- WHAT YOU NEED TO DO:
Two lines below mark the span: the one containing "line L18 (-45.133, 17.4005)" and the one containing "arc A9 (-31.633, 16.9005)". Set down both, plus every line between, exactly as they stand, and nothing else.

[Items from a data source]
────────

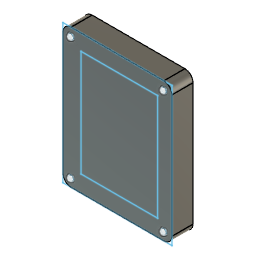
final (Autodesk Fusion 360 archive; units mm, degrees)
design "base_01_new"
part number: 2026-02-07-20-27-30-658
Autodesk Fusion 360 part; units mm, degrees
sketch "Sketch1" plane through (0, 0, 0) normal (0, 1, 0) x (1, 0, 0)
  line L0 (-90, -80) -> (-42.86, -80)
  line L1 (-42.86, -80) -> (-42.86, -14.63)
  line L2 (-42.86, -14.63) -> (-90, -14.63)
  line L3 (-90, -14.63) -> (-90, -80)
  line L4 (-34.1091, -89.705) -> (-101.2491, -89.705)
  line L5 (-101.2491, -89.705) -> (-101.2491, -4.335)
  line L6 (-101.2491, -4.335) -> (-34.1091, -4.335)
  line L7 (-34.1091, -4.335) -> (-34.1091, -89.705)
  circle A0 centre (-96.2491, -84.705) radius 1.45
  circle A1 centre (-39.1091, -84.705) radius 1.45
  circle A2 centre (-39.1091, -9.335) radius 1.45
  circle A3 centre (-96.2491, -9.335) radius 1.45
  dimension "d1" = 65.37
  dimension "d2" = 47.14
  dimension "d3" = 85.37
  dimension "d4" = 67.14
  dimension "d5" = 2.9
  dimension "d6" = 5
  dimension "d7" = 5
  dimension "d8" = 2.9
  dimension "d9" = 5
  dimension "d10" = 5
  dimension "d11" = 2.9
  dimension "d12" = 5
  dimension "d13" = 5
  dimension "d14" = 2.9
  dimension "d15" = 5
  dimension "d16" = 5
  constraint horizontal L0
  constraint vertical L1
  constraint horizontal L2
  constraint vertical L3
  constraint horizontal L4
  constraint vertical L5
  constraint horizontal L6
  constraint vertical L7
  measures "d1" distance of L0.start L2.end
  measures "d2" distance of L1 L3
  measures "d3" distance of L4.start L6.end
  measures "d4" distance of L5 L7
  measures "d5" diameter of A0
  measures "d6" distance of L5 A0.centre
  measures "d7" distance of L4 A0.centre
  measures "d8" diameter of A1
  measures "d9" distance of L7 A1.centre
  measures "d10" distance of L4 A1.centre
  measures "d11" diameter of A2
  measures "d12" distance of L6 A2.centre
  measures "d13" distance of L7 A2.centre
  measures "d14" diameter of A3
  measures "d15" distance of L5 A3.centre
  measures "d16" distance of L6 A3.centre
sketch "Sketch2" plane through (0, 0, 0) normal (0, 1, 0) x (1, 0, 0)
sketch "Sketch3" plane through (0, 0, 0) normal (0, 1, 0) x (1, 0, 0)
extrude "Extrude1" add sketch "Sketch1" along normal blind 13
extrude "Extrude2" add sketch "Sketch1" along normal blind 3 contours L0 L1 L2 L3
fillet "Fillet1" radius 5 1 edges at (-101.2491, 6.5, 89.705)
fillet "Fillet2" radius 5 1 edges at (-101.2491, 6.5, 4.335)
fillet "Fillet3" radius 5 1 edges at (-34.1091, 6.5, 4.335)
fillet "Fillet4" radius 5 1 edges at (-34.1091, 6.5, 89.705)

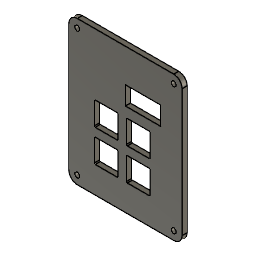
design "case_up_new"
part number: 2026-02-07-21-05-02-907
Autodesk Fusion 360 part; units mm, degrees
sketch "Sketch1" plane through (0, 0, 0) normal (0, 1, 0) x (1, 0, 0)
  line L0 (-60.7538, -33.1552) -> (6.3862, -33.1552)
  line L1 (6.3862, -33.1552) -> (6.3862, 52.2148)
  line L2 (6.3862, 52.2148) -> (-60.7538, 52.2148)
  line L3 (-60.7538, 52.2148) -> (-60.7538, -33.1552)
  line L4 (-50.7538, -23.1552) -> (-3.6138, -23.1552)
  line L5 (-3.6138, -23.1552) -> (-3.6138, 42.2148)
  line L6 (-3.6138, 42.2148) -> (-50.7538, 42.2148)
  line L7 (-50.7538, 42.2148) -> (-50.7538, -23.1552)
  line L8 (-50.747, 42.1269) -> (-12.647, 42.1269)
  line L9 (-50.747, 4.0269) -> (-50.747, 42.1269)
  line L10 (-45.133, 36.4505) -> (-32.133, 36.4505)
  line L11 (-45.133, 22.4505) -> (-32.133, 22.4505)
  line L12 (-45.633, 35.9505) -> (-45.633, 22.9505)
  line L13 (-31.633, 35.9505) -> (-31.633, 22.9505)
  arc A0 (-45.133, 36.4505) -> (-45.633, 35.9505) centre (-45.133, 35.9505) ccw
  arc A1 (-31.633, 35.9505) -> (-32.133, 36.4505) centre (-32.133, 35.9505) ccw
  arc A2 (-45.633, 22.9505) -> (-45.133, 22.4505) centre (-45.133, 22.9505) ccw
  arc A3 (-32.133, 22.4505) -> (-31.633, 22.9505) centre (-32.133, 22.9505) ccw
  line L14 (-26.083, 36.4505) -> (-13.083, 36.4505)
  line L15 (-26.083, 22.4505) -> (-13.083, 22.4505)
  line L16 (-26.583, 35.9505) -> (-26.583, 22.9505)
  line L17 (-12.583, 35.9505) -> (-12.583, 22.9505)
  arc A4 (-26.083, 36.4505) -> (-26.583, 35.9505) centre (-26.083, 35.9505) ccw
  arc A5 (-12.583, 35.9505) -> (-13.083, 36.4505) centre (-13.083, 35.9505) ccw
  arc A6 (-26.583, 22.9505) -> (-26.083, 22.4505) centre (-26.083, 22.9505) ccw
  arc A7 (-13.083, 22.4505) -> (-12.583, 22.9505) centre (-13.083, 22.9505) ccw
  line L18 (-45.133, 17.4005) -> (-32.133, 17.4005)
  line L19 (-45.133, 3.4005) -> (-32.133, 3.4005)
  line L20 (-45.633, 16.9005) -> (-45.633, 3.9005)
  line L21 (-31.633, 16.9005) -> (-31.633, 3.9005)
  arc A8 (-45.133, 17.4005) -> (-45.633, 16.9005) centre (-45.133, 16.9005) ccw
  arc A9 (-31.633, 16.9005) -> (-32.133, 17.4005) centre (-32.133, 16.9005) ccw
  arc A10 (-45.633, 3.9005) -> (-45.133, 3.4005) centre (-45.133, 3.9005) ccw
  arc A11 (-32.133, 3.4005) -> (-31.633, 3.9005) centre (-32.133, 3.9005) ccw
  line L22 (-26.083, 17.4005) -> (-13.083, 17.4005)
  line L23 (-26.083, 3.4005) -> (-13.083, 3.4005)
  line L24 (-26.583, 16.9005) -> (-26.583, 3.9005)
  line L25 (-12.583, 16.9005) -> (-12.583, 3.9005)
  arc A12 (-26.083, 17.4005) -> (-26.583, 16.9005) centre (-26.083, 16.9005) ccw
  arc A13 (-12.583, 16.9005) -> (-13.083, 17.4005) centre (-13.083, 16.9005) ccw
  arc A14 (-26.583, 3.9005) -> (-26.083, 3.4005) centre (-26.083, 3.9005) ccw
  arc A15 (-13.083, 3.4005) -> (-12.583, 3.9005) centre (-13.083, 3.9005) ccw
  line L26 (-48.158, 0.8755) -> (-10.058, 0.8755)
  line L27 (-48.158, 38.9755) -> (-10.058, 38.9755)
  line L28 (-48.158, 0.8755) -> (-48.158, 38.9755)
  line L29 (-10.058, 0.8755) -> (-10.058, 38.9755)
  circle A16 centre (1.3862, -28.1552) radius 1.45
  circle A17 centre (1.3862, 47.2148) radius 1.45
  circle A18 centre (-55.7538, 47.2148) radius 1.45
  circle A19 centre (-55.7538, -28.1552) radius 1.45
  line L30 (-6.4728, -13.3522) -> (-27.2128, -13.3522)
  line L31 (-27.2128, -13.3522) -> (-27.2128, -2.4922)
  line L32 (-27.2128, -2.4922) -> (-6.4728, -2.4922)
  line L33 (-6.4728, -2.4922) -> (-6.4728, -13.3522)
  dimension "d1" = 85.37
  dimension "d2" = 67.14
  dimension "d3" = 10
  dimension "d4" = 10
  dimension "d5" = 10
  dimension "d6" = 10
  dimension "d12" = 2.9
  dimension "d13" = 5
  dimension "d14" = 5
  dimension "d15" = 2.9
  dimension "d16" = 5
  dimension "d17" = 5
  dimension "d18" = 2.9
  dimension "d19" = 5
  dimension "d20" = 5
  dimension "d21" = 2.9
  dimension "d22" = 5
  dimension "d23" = 5
  dimension "d28" = 10.86
  dimension "d29" = 20.74
  dimension "d30" = 2.859
  dimension "d31" = 9.803
  constraint horizontal L0
  constraint vertical L1
  constraint horizontal L2
  constraint vertical L3
  constraint horizontal L4
  constraint vertical L5
  constraint horizontal L6
  constraint vertical L7
  constraint horizontal L30
  constraint vertical L31
  constraint horizontal L32
  constraint vertical L33
  measures "d1" distance of L0.start L2.end
  measures "d2" distance of L1 L3
  measures "d3" distance of L1 L5
  measures "d4" distance of L2 L6
  measures "d5" distance of L0 L4
  measures "d6" distance of L3 L7
  measures "d12" diameter of A16
  measures "d13" distance of L1 A16.centre
  measures "d14" distance of L0 A16.centre
  measures "d15" diameter of A17
  measures "d16" distance of L1 A17.centre
  measures "d17" distance of L2 A17.centre
  measures "d18" diameter of A18
  measures "d19" distance of L2 A18.centre
  measures "d20" distance of L3 A18.centre
  measures "d21" diameter of A19
  measures "d22" distance of L0 A19.centre
  measures "d23" distance of L3 A19.centre
  measures "d28" distance of L30.start L32.end
  measures "d29" distance of L31 L33
  measures "d30" distance of L5 L33
  measures "d31" distance of L4 L30
extrude "Extrude1" add sketch "Sketch1" along normal blind 3 contours L0 L1 L2 L3 | L4 L5 L6 L7 | L26 L27 L28 L29
fillet "Fillet1" radius 5 4 edges at (6.3862, 1.5, -52.2148) (6.3862, 1.5, 33.1552) (-60.7538, 1.5, 33.1552) (-60.7538, 1.5, -52.2148)

────────

- RESPONSE BELOW:
  line L18 (-45.133, 17.4005) -> (-32.133, 17.4005)
  line L19 (-45.133, 3.4005) -> (-32.133, 3.4005)
  line L20 (-45.633, 16.9005) -> (-45.633, 3.9005)
  line L21 (-31.633, 16.9005) -> (-31.633, 3.9005)
  arc A8 (-45.133, 17.4005) -> (-45.633, 16.9005) centre (-45.133, 16.9005) ccw
  arc A9 (-31.633, 16.9005) -> (-32.133, 17.4005) centre (-32.133, 16.9005) ccw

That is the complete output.